Source records:
== == ==
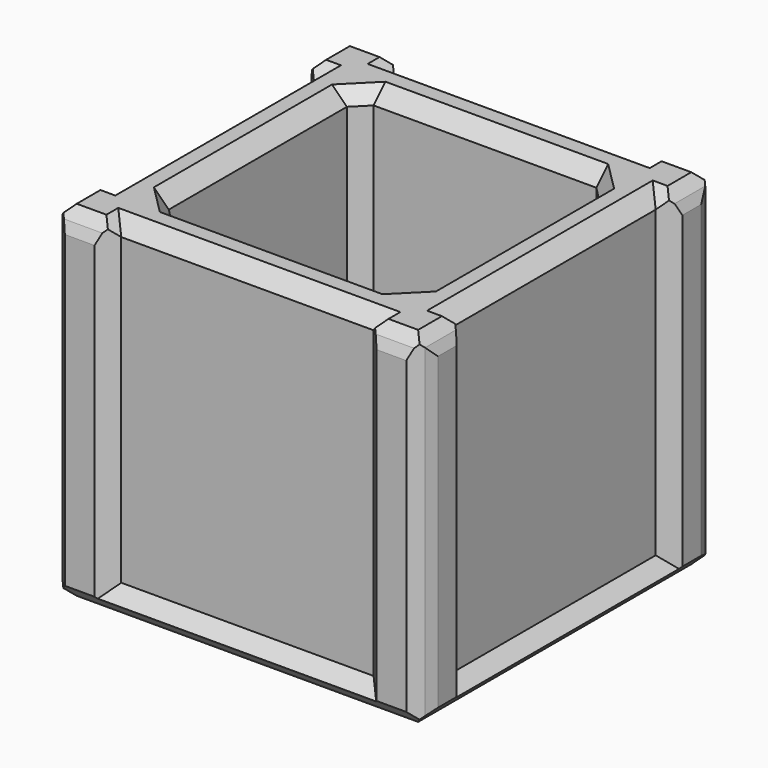
from build123d import *

# Parameters (mm, degrees)
F0_W          = 127
F0_H          = 127
F1_DEPTH      = 8.89
F2_W          = 86.36
F2_H          = 10.16
F2_W_2        = 10.16
F2_H_2        = 86.36
F3_DEPTH      = 101.6
F4_W          = 10.0171214116
F4_H          = 10.0171214116
F4_W_2        = 96.3771214116
F4_H_2        = 96.3771214116
F4_W_3        = 86.36
F4_H_3        = 86.36
F5_DEPTH      = 7.62
F6_W          = 86.36
F6_H          = 5.08
F9_W          = 5.08
F9_H          = 86.36
F7_W          = 5.08
F7_H          = 86.36
F8_W          = 86.36
F8_H          = 5.08
F10_DEPTH     = 109.22
F11_SIZE      = 5.08
F12_T1_DEPTH  = 139.1582991577
F12_T3_DEPTH  = 31.7862799398
F12_T5_DEPTH  = 153.1282991577
F12_T7_DEPTH  = 117.2041495789
F12_T9_DEPTH  = 86.36
F12_T11_DEPTH = 31.7862799398
F12_T17_DEPTH = 130.2682991577
F12_T22_DEPTH = 99.4241495789
F12_T29_DEPTH = 99.4241495789
F12_T33_DEPTH = 130.2682991577
F12_T41_DEPTH = 130.2682991577
F12_T46_DEPTH = 99.4241495789
F12_T53_DEPTH = 99.4241495789
F12_T57_DEPTH = 130.2682991577
F13_T1_DEPTH  = 124.4962799399
F13_T3_DEPTH  = 142.9682991577
F13_T5_DEPTH  = 26.7062799397
F13_T7_DEPTH  = 117.2041495789
F13_T9_DEPTH  = 86.36
F13_T11_DEPTH = 26.7062799398
F13_T17_DEPTH = 130.2682991577
F13_T22_DEPTH = 99.4241495789
F13_T29_DEPTH = 99.4241495789
F13_T33_DEPTH = 130.2682991577
F13_T41_DEPTH = 130.2682991577
F13_T46_DEPTH = 99.4241495789
F13_T53_DEPTH = 99.4241495789
F13_T57_DEPTH = 130.2682991577


# Not quite as in the source:
# - a fillet or chamfer that OpenCascade refuses, or shapes differently, is made with other operations: its cross-section is extruded or revolved along the edge and cut away or added


with BuildPart() as f1:
    # F0 (on Top) → F1 (new body)
    with BuildSketch(Plane.XY):
        with Locations((3.7135761231, -7.4630701935)):
            Rectangle(F0_W, F0_H)
    extrude(amount=F1_DEPTH)

    # F2 (on face) → F3 (join)
    with BuildSketch(Plane.XY.offset(8.89)):
        Polygon((-59.7864238769, 56.0369298065), (-59.7864238769, 35.7169298065), (-49.6264238769, 35.7169298065), (-39.4664238769, 35.7169298065), (-39.4664238769, 45.8769298065), (-39.4664238769, 56.0369298065), align=None)
        with Locations((3.7135761231, 40.7969298065)):
            Rectangle(F2_W, F2_H)
        Polygon((46.8935761231, 45.8769298065), (46.8935761231, 35.7169298065), (57.0535761231, 35.7169298065), (67.2135761231, 35.7169298065), (67.2135761231, 56.0369298065), (46.8935761231, 56.0369298065), align=None)
        with Locations((51.9735761231, -7.4630701935)):
            Rectangle(F2_W_2, F2_H_2)
        with Locations((-44.5464238769, -7.4630701935)):
            Rectangle(F2_W_2, F2_H_2)
        Polygon((-59.7864238769, -50.6430701935), (-59.7864238769, -70.9630701935), (-39.4664238769, -70.9630701935), (-39.4664238769, -60.8030701935), (-39.4664238769, -50.6430701935), (-49.6264238769, -50.6430701935), align=None)
        Polygon((46.8935761231, -60.8030701935), (46.8935761231, -70.9630701935), (67.2135761231, -70.9630701935), (67.2135761231, -50.6430701935), (57.0535761231, -50.6430701935), (46.8935761231, -50.6430701935), align=None)
        with Locations((3.7135761231, -55.7230701935)):
            Rectangle(F2_W, F2_H)
    extrude(amount=F3_DEPTH)

    # F4 (on face) → F5 (join)
    with BuildSketch(Plane.XY.offset(110.49)):
        Polygon((-39.4664238769, 56.0369298065), (-59.7864238769, 56.0369298065), (-59.7864238769, 35.7169298065), (-49.6264238769, 35.7169298065), (-49.6264238769, -50.6430701935), (-59.7864238769, -50.6430701935), (-59.7864238769, -70.9630701935), (-39.4664238769, -70.9630701935), (-39.4664238769, -60.8030701935), (46.8935761231, -60.8030701935), (46.8935761231, -70.9630701935), (67.2135761231, -70.9630701935), (67.2135761231, -50.6430701935), (57.0535761231, -50.6430701935), (57.0535761231, 35.7169298065), (67.2135761231, 35.7169298065), (67.2135761231, 56.0369298065), (46.8935761231, 56.0369298065), (46.8935761231, 45.8769298065), (-39.4664238769, 45.8769298065), align=None)
        with Locations((-49.6264238769, -60.8030701935)):
            Rectangle(F4_W, F4_H, mode=Mode.SUBTRACT)
        with Locations((57.0535761231, -60.8030701935)):
            Rectangle(F4_W, F4_H, mode=Mode.SUBTRACT)
        with Locations((-49.6264238769, 45.8769298065)):
            Rectangle(F4_W, F4_H, mode=Mode.SUBTRACT)
        with Locations((3.7135761231, -7.4630701935)):
            Rectangle(F4_W_2, F4_H_2, mode=Mode.SUBTRACT)
        with Locations((57.0535761231, 45.8769298065)):
            Rectangle(F4_W, F4_H, mode=Mode.SUBTRACT)
        with Locations((3.7135761231, -7.4630701935)):
            Rectangle(F4_W_2, F4_H_2)
        with Locations((3.7135761231, -7.4630701935)):
            Rectangle(F4_W_3, F4_H_3, mode=Mode.SUBTRACT)
        with Locations((-49.6264238769, 45.8769298065)):
            Rectangle(F4_W, F4_H)
        with Locations((57.0535761231, 45.8769298065)):
            Rectangle(F4_W, F4_H)
        with Locations((-49.6264238769, -60.8030701935)):
            Rectangle(F4_W, F4_H)
        with Locations((57.0535761231, -60.8030701935)):
            Rectangle(F4_W, F4_H)
    extrude(amount=F5_DEPTH)

    # F6 (on face) + F9 (on face) + F7 (on face) + F8 (on face) → F10 (join)
    with BuildSketch(Plane.XY.offset(8.89)):
        with Locations((3.7135761231, 48.4169298065)):
            Rectangle(F6_W, F6_H)
    with BuildSketch(Plane.XY.offset(8.89)):
        with Locations((-52.1664238769, -7.4630701935)):
            Rectangle(F9_W, F9_H)
    with BuildSketch(Plane.XY.offset(8.89)):
        with Locations((59.5935761231, -7.4630701935)):
            Rectangle(F7_W, F7_H)
    with BuildSketch(Plane.XY.offset(8.89)):
        with Locations((3.7135761231, -63.3430701935)):
            Rectangle(F8_W, F8_H)
    extrude(amount=F10_DEPTH)

    # F11
    f11_edges = [f1.edges().sort_by_distance(p)[0] for p in [
        (3.713576, -50.64307, 118.11),
        (-39.466424, -7.46307, 118.11),
        (3.713576, 35.71693, 118.11),
        (46.893576, -7.46307, 118.11),
        (67.213576, 45.87693, 118.11),
        (57.053576, 56.03693, 118.11),
        (46.893576, 53.49693, 118.11),
        (3.713576, 50.95693, 118.11),
        (-39.466424, 53.49693, 118.11),
        (-49.626424, 56.03693, 118.11),
        (-59.786424, 45.87693, 118.11),
        (-57.246424, 35.71693, 118.11),
        (-54.706424, -7.46307, 118.11),
        (-57.246424, -50.64307, 118.11),
        (-59.786424, -60.80307, 118.11),
        (-49.626424, -70.96307, 118.11),
        (-39.466424, -68.42307, 118.11),
        (3.713576, -65.88307, 118.11),
        (46.893576, -68.42307, 118.11),
        (57.053576, -70.96307, 118.11),
        (67.213576, -60.80307, 118.11),
        (64.673576, -50.64307, 118.11),
        (62.133576, -7.46307, 118.11),
        (64.673576, 35.71693, 118.11),
        (-39.466424, 35.71693, 63.5),
        (-39.466424, -7.46307, 8.89),
        (-39.466424, -50.64307, 63.5),
        (46.893576, 35.71693, 63.5),
        (3.713576, 35.71693, 8.89),
        (46.893576, -50.64307, 63.5),
        (46.893576, -7.46307, 8.89),
        (3.713576, -50.64307, 8.89),
    ]]
    chamfer(f11_edges, length=F11_SIZE)

    # F12: chamfer of 5.08 on 16 edges, made by hand

    # F12_s2 → F12_t1 (cut)
    with BuildSketch(Plane.XY.offset(-13.0641495789)):
        Polygon((67.2135761231, 50.9569298065), (62.1335761231, 56.0369298065), (67.2135761231, 56.0369298065), align=None)
        Polygon((-59.7864238769, 50.9569298065), (-54.7064238769, 56.0369298065), (-59.7864238769, 56.0369298065), align=None)
        Polygon((-54.7064238769, -70.9630701935), (-59.7864238769, -65.8830701935), (-59.7864238769, -70.9630701935), align=None)
        Polygon((62.1335761231, -70.9630701935), (67.2135761231, -65.8830701935), (67.2135761231, -70.9630701935), align=None)
    extrude(amount=F12_T1_DEPTH, mode=Mode.SUBTRACT)

    # F12_s4 → F12_t3 (cut)
    with BuildSketch(Plane.YZ.offset(41.1604361532)):
        Polygon((56.0369298065, 110.9257951031), (54.5490322549, 114.5178975516), (56.0369298065, 113.03), align=None)
        Polygon((-70.9630701935, 110.9257951031), (-69.4751726419, 114.5178975516), (-70.9630701935, 113.03), align=None)
    extrude(amount=F12_T3_DEPTH, mode=Mode.SUBTRACT)

    # F12_s6 → F12_t5 (cut)
    with BuildSketch(Plane.YZ.offset(-72.8505734557)):
        Polygon((50.9569298065, 0), (56.0369298065, 5.08), (56.0369298065, 0), align=None)
        Polygon((-70.9630701935, 5.08), (-65.8830701935, 0), (-70.9630701935, 0), align=None)
    extrude(amount=F12_T5_DEPTH, mode=Mode.SUBTRACT)

    # F12_s8 → F12_t7 (cut)
    with BuildSketch(Plane.XY.offset(8.89)):
        Polygon((51.9735761231, 56.0369298065), (46.8935761231, 50.9569298065), (46.8935761231, 56.0369298065), align=None)
        Polygon((-44.5464238769, 56.0369298065), (-39.4664238769, 50.9569298065), (-39.4664238769, 56.0369298065), align=None)
        Polygon((-44.5464238769, -70.9630701935), (-39.4664238769, -65.8830701935), (-39.4664238769, -70.9630701935), align=None)
        Polygon((51.9735761231, -70.9630701935), (46.8935761231, -65.8830701935), (46.8935761231, -70.9630701935), align=None)
    extrude(amount=F12_T7_DEPTH, mode=Mode.SUBTRACT)

    # F12_s10 → F12_t9 (cut)
    with BuildSketch(Plane.YZ.offset(-39.4664238769)):
        Polygon((56.0369298065, 3.81), (50.9569298065, 8.89), (56.0369298065, 8.89), align=None)
        Polygon((-70.9630701935, 3.81), (-65.8830701935, 8.89), (-70.9630701935, 8.89), align=None)
    extrude(amount=F12_T9_DEPTH, mode=Mode.SUBTRACT)

    # F12_s12 → F12_t11 (cut)
    with BuildSketch(Plane.YZ.offset(-65.5195638468)):
        Polygon((56.0369298065, 110.9257951031), (54.5490322549, 114.5178975516), (56.0369298065, 113.03), align=None)
        Polygon((-70.9630701935, 110.9257951031), (-69.4751726419, 114.5178975516), (-70.9630701935, 113.03), align=None)
    extrude(amount=F12_T11_DEPTH, mode=Mode.SUBTRACT)


with BuildPart() as f12_tool15:
    # F12_s16 → F12_t17 (new body)
    with BuildSketch(Plane.XY.offset(-4.1741495789)):
        Polygon((51.9735761231, 56.0369298065), (46.8935761231, 50.9569298065), (46.8935761231, 56.0369298065), align=None)
    extrude(amount=F12_T17_DEPTH)

    split(bisect_by=Plane.XY, keep=Keep.TOP)

    split(bisect_by=Plane.XY.offset(8.89), keep=Keep.BOTTOM)


with BuildPart() as f12_tool20:
    # F12_s21 → F12_t22 (new body)
    with BuildSketch(Plane.YZ.offset(59.957725702)):
        Polygon((56.0369298065, 3.81), (50.9569298065, 8.89), (56.0369298065, 8.89), align=None)
    extrude(amount=-F12_T22_DEPTH)

    split(bisect_by=Plane.YZ.offset(46.8935761231), keep=Keep.TOP)


with BuildPart() as f12_tool15_1:
    add(f12_tool15.part)

    # F12_t24: intersect F12_tool20
    add(f12_tool20.part, mode=Mode.INTERSECT)


with BuildPart() as f1_1:
    add(f1.part)

    # F12_t13: cut F12_tool15
    add(f12_tool15_1.part, mode=Mode.SUBTRACT)


with BuildPart() as f12_tool27:
    # F12_s28 → F12_t29 (new body)
    with BuildSketch(Plane.YZ.offset(46.8935761231)):
        Polygon((56.0369298065, 3.81), (50.9569298065, 8.89), (56.0369298065, 8.89), align=None)
    extrude(amount=-F12_T29_DEPTH)

    split(bisect_by=Plane.YZ.offset(-39.4664238769), keep=Keep.BOTTOM)


with BuildPart() as f12_tool31:
    # F12_s32 → F12_t33 (new body)
    with BuildSketch(Plane.XY.offset(126.0941495789)):
        Polygon((-44.5464238769, 56.0369298065), (-39.4664238769, 50.9569298065), (-39.4664238769, 56.0369298065), align=None)
    extrude(amount=-F12_T33_DEPTH)

    split(bisect_by=Plane.XY, keep=Keep.TOP)

    split(bisect_by=Plane.XY.offset(8.89), keep=Keep.BOTTOM)


with BuildPart() as f12_tool27_1:
    add(f12_tool27.part)

    # F12_t36: intersect F12_tool31
    add(f12_tool31.part, mode=Mode.INTERSECT)


with BuildPart() as f1_2:
    add(f1_1.part)

    # F12_t25: cut F12_tool27
    add(f12_tool27_1.part, mode=Mode.SUBTRACT)


with BuildPart() as f12_tool39:
    # F12_s40 → F12_t41 (new body)
    with BuildSketch(Plane.XY.offset(-4.1741495789)):
        Polygon((-44.5464238769, -70.9630701935), (-39.4664238769, -65.8830701935), (-39.4664238769, -70.9630701935), align=None)
    extrude(amount=F12_T41_DEPTH)

    split(bisect_by=Plane.XY, keep=Keep.TOP)

    split(bisect_by=Plane.XY.offset(8.89), keep=Keep.BOTTOM)


with BuildPart() as f12_tool44:
    # F12_s45 → F12_t46 (new body)
    with BuildSketch(Plane.YZ.offset(-52.5305734557)):
        Polygon((-70.9630701935, 3.81), (-65.8830701935, 8.89), (-70.9630701935, 8.89), align=None)
    extrude(amount=F12_T46_DEPTH)

    split(bisect_by=Plane.YZ.offset(-39.4664238769), keep=Keep.BOTTOM)


with BuildPart() as f12_tool39_1:
    add(f12_tool39.part)

    # F12_t48: intersect F12_tool44
    add(f12_tool44.part, mode=Mode.INTERSECT)


with BuildPart() as f1_3:
    add(f1_2.part)

    # F12_t37: cut F12_tool39
    add(f12_tool39_1.part, mode=Mode.SUBTRACT)


with BuildPart() as f12_tool51:
    # F12_s52 → F12_t53 (new body)
    with BuildSketch(Plane.YZ.offset(-39.4664238769)):
        Polygon((-70.9630701935, 3.81), (-65.8830701935, 8.89), (-70.9630701935, 8.89), align=None)
    extrude(amount=F12_T53_DEPTH)

    split(bisect_by=Plane.YZ.offset(46.8935761231), keep=Keep.TOP)


with BuildPart() as f12_tool55:
    # F12_s56 → F12_t57 (new body)
    with BuildSketch(Plane.XY.offset(126.0941495789)):
        Polygon((51.9735761231, -70.9630701935), (46.8935761231, -65.8830701935), (46.8935761231, -70.9630701935), align=None)
    extrude(amount=-F12_T57_DEPTH)

    split(bisect_by=Plane.XY, keep=Keep.TOP)

    split(bisect_by=Plane.XY.offset(8.89), keep=Keep.BOTTOM)


with BuildPart() as f12_tool51_1:
    add(f12_tool51.part)

    # F12_t60: intersect F12_tool55
    add(f12_tool55.part, mode=Mode.INTERSECT)


with BuildPart() as f1_4:
    add(f1_3.part)

    # F12_t49: cut F12_tool51
    add(f12_tool51_1.part, mode=Mode.SUBTRACT)

    # F13: chamfer of 5.08 on 16 edges, made by hand

    # F13_s2 → F13_t1 (cut)
    with BuildSketch(Plane.XY.offset(-5.7331399699)):
        Polygon((-59.7864238769, 48.8527249097), (-58.2985263253, 52.4448273581), (-59.7864238769, 50.9569298065), align=None)
        Polygon((-59.7864238769, -63.7788652967), (-58.2985263253, -67.3709677451), (-59.7864238769, -65.8830701935), align=None)
        Polygon((65.7256785715, -67.3709677451), (67.2135761231, -63.7788652966), (67.2135761231, -65.8830701935), align=None)
        Polygon((65.7256785715, 52.4448273581), (67.2135761231, 48.8527249096), (67.2135761231, 50.9569298065), align=None)
    extrude(amount=F13_T1_DEPTH, mode=Mode.SUBTRACT)

    # F13_s4 → F13_t3 (cut)
    with BuildSketch(Plane.XZ.offset(-64.0210793854)):
        Polygon((-59.7864238769, 5.08), (-54.7064238769, 0), (-59.7864238769, 0), align=None)
        Polygon((62.1335761231, 0), (67.2135761231, 5.08), (67.2135761231, 0), align=None)
    extrude(amount=F13_T3_DEPTH, mode=Mode.SUBTRACT)

    # F13_s6 → F13_t5 (cut)
    with BuildSketch(Plane.XZ.offset(44.9099302236)):
        Polygon((-58.2985263253, 114.5178975516), (-59.7864238769, 110.9257951031), (-59.7864238769, 113.03), align=None)
        Polygon((65.7256785715, 114.5178975516), (67.2135761231, 110.9257951031), (67.2135761231, 113.03), align=None)
    extrude(amount=F13_T5_DEPTH, mode=Mode.SUBTRACT)

    # F13_s8 → F13_t7 (cut)
    with BuildSketch(Plane.XY.offset(8.89)):
        Polygon((-59.7864238769, -55.7230701935), (-54.7064238769, -50.6430701935), (-59.7864238769, -50.6430701935), align=None)
        Polygon((-59.7864238769, 40.7969298065), (-54.7064238769, 35.7169298065), (-59.7864238769, 35.7169298065), align=None)
        Polygon((62.1335761231, 35.7169298065), (67.2135761231, 40.7969298065), (67.2135761231, 35.7169298065), align=None)
        Polygon((62.1335761231, -50.6430701935), (67.2135761231, -55.7230701935), (67.2135761231, -50.6430701935), align=None)
    extrude(amount=F13_T7_DEPTH, mode=Mode.SUBTRACT)

    # F13_s10 → F13_t9 (cut)
    with BuildSketch(Plane.XZ.offset(-35.7169298065)):
        Polygon((-59.7864238769, 3.81), (-54.7064238769, 8.89), (-59.7864238769, 8.89), align=None)
        Polygon((62.1335761231, 8.89), (67.2135761231, 3.81), (67.2135761231, 8.89), align=None)
    extrude(amount=F13_T9_DEPTH, mode=Mode.SUBTRACT)

    # F13_s12 → F13_t11 (cut)
    with BuildSketch(Plane.XZ.offset(-56.6900697764)):
        Polygon((-59.7864238769, 110.9257951031), (-58.2985263253, 114.5178975516), (-59.7864238769, 113.03), align=None)
        Polygon((65.7256785715, 114.5178975516), (67.2135761231, 110.9257951031), (67.2135761231, 113.03), align=None)
    extrude(amount=F13_T11_DEPTH, mode=Mode.SUBTRACT)


with BuildPart() as f13_tool15:
    # F13_s16 → F13_t17 (new body)
    with BuildSketch(Plane.XY.offset(126.0941495789)):
        Polygon((-59.7864238769, -55.7230701935), (-54.7064238769, -50.6430701935), (-59.7864238769, -50.6430701935), align=None)
    extrude(amount=-F13_T17_DEPTH)

    split(bisect_by=Plane.XY.offset(8.89), keep=Keep.BOTTOM)

    split(bisect_by=Plane.XY, keep=Keep.TOP)


with BuildPart() as f13_tool20:
    # F13_s21 → F13_t22 (new body)
    with BuildSketch(Plane.XZ.offset(-35.7169298065)):
        Polygon((-59.7864238769, 3.81), (-54.7064238769, 8.89), (-59.7864238769, 8.89), align=None)
    extrude(amount=F13_T22_DEPTH)

    split(bisect_by=Plane.XZ.offset(50.6430701935), keep=Keep.TOP)


with BuildPart() as f13_tool15_1:
    add(f13_tool15.part)

    # F13_t24: intersect F13_tool20
    add(f13_tool20.part, mode=Mode.INTERSECT)


with BuildPart() as f1_5:
    add(f1_4.part)

    # F13_t13: cut F13_tool15
    add(f13_tool15_1.part, mode=Mode.SUBTRACT)


with BuildPart() as f13_tool27:
    # F13_s28 → F13_t29 (new body)
    with BuildSketch(Plane.XZ.offset(-48.7810793854)):
        Polygon((-59.7864238769, 3.81), (-54.7064238769, 8.89), (-59.7864238769, 8.89), align=None)
    extrude(amount=F13_T29_DEPTH)

    split(bisect_by=Plane.XZ.offset(-35.7169298065), keep=Keep.BOTTOM)


with BuildPart() as f13_tool31:
    # F13_s32 → F13_t33 (new body)
    with BuildSketch(Plane.XY.offset(-4.1741495789)):
        Polygon((-59.7864238769, 40.7969298065), (-54.7064238769, 35.7169298065), (-59.7864238769, 35.7169298065), align=None)
    extrude(amount=F13_T33_DEPTH)

    split(bisect_by=Plane.XY.offset(8.89), keep=Keep.BOTTOM)

    split(bisect_by=Plane.XY, keep=Keep.TOP)


with BuildPart() as f13_tool27_1:
    add(f13_tool27.part)

    # F13_t36: intersect F13_tool31
    add(f13_tool31.part, mode=Mode.INTERSECT)


with BuildPart() as f1_6:
    add(f1_5.part)

    # F13_t25: cut F13_tool27
    add(f13_tool27_1.part, mode=Mode.SUBTRACT)


with BuildPart() as f13_tool39:
    # F13_s40 → F13_t41 (new body)
    with BuildSketch(Plane.XY.offset(126.0941495789)):
        Polygon((62.1335761231, 35.7169298065), (67.2135761231, 40.7969298065), (67.2135761231, 35.7169298065), align=None)
    extrude(amount=-F13_T41_DEPTH)

    split(bisect_by=Plane.XY, keep=Keep.TOP)

    split(bisect_by=Plane.XY.offset(8.89), keep=Keep.BOTTOM)


with BuildPart() as f13_tool44:
    # F13_s45 → F13_t46 (new body)
    with BuildSketch(Plane.XZ.offset(50.6430701935)):
        Polygon((62.1335761231, 8.89), (67.2135761231, 3.81), (67.2135761231, 8.89), align=None)
    extrude(amount=-F13_T46_DEPTH)

    split(bisect_by=Plane.XZ.offset(-35.7169298065), keep=Keep.BOTTOM)


with BuildPart() as f13_tool39_1:
    add(f13_tool39.part)

    # F13_t48: intersect F13_tool44
    add(f13_tool44.part, mode=Mode.INTERSECT)


with BuildPart() as f1_7:
    add(f1_6.part)

    # F13_t37: cut F13_tool39
    add(f13_tool39_1.part, mode=Mode.SUBTRACT)


with BuildPart() as f13_tool51:
    # F13_s52 → F13_t53 (new body)
    with BuildSketch(Plane.XZ.offset(63.7072197724)):
        Polygon((62.1335761231, 8.89), (67.2135761231, 3.81), (67.2135761231, 8.89), align=None)
    extrude(amount=-F13_T53_DEPTH)

    split(bisect_by=Plane.XZ.offset(50.6430701935), keep=Keep.TOP)


with BuildPart() as f13_tool55:
    # F13_s56 → F13_t57 (new body)
    with BuildSketch(Plane.XY.offset(-4.1741495789)):
        Polygon((62.1335761231, -50.6430701935), (67.2135761231, -55.7230701935), (67.2135761231, -50.6430701935), align=None)
    extrude(amount=F13_T57_DEPTH)

    split(bisect_by=Plane.XY, keep=Keep.TOP)

    split(bisect_by=Plane.XY.offset(8.89), keep=Keep.BOTTOM)


with BuildPart() as f13_tool51_1:
    add(f13_tool51.part)

    # F13_t60: intersect F13_tool55
    add(f13_tool55.part, mode=Mode.INTERSECT)


with BuildPart() as f1_8:
    add(f1_7.part)

    # F13_t49: cut F13_tool51
    add(f13_tool51_1.part, mode=Mode.SUBTRACT)


solid = f1_8.part
== == ==
TASK STATEMENT: Looking at the records, how many of the lines contain the string "made"? Only the number should be given.

EXERCISE SOLUTION: 3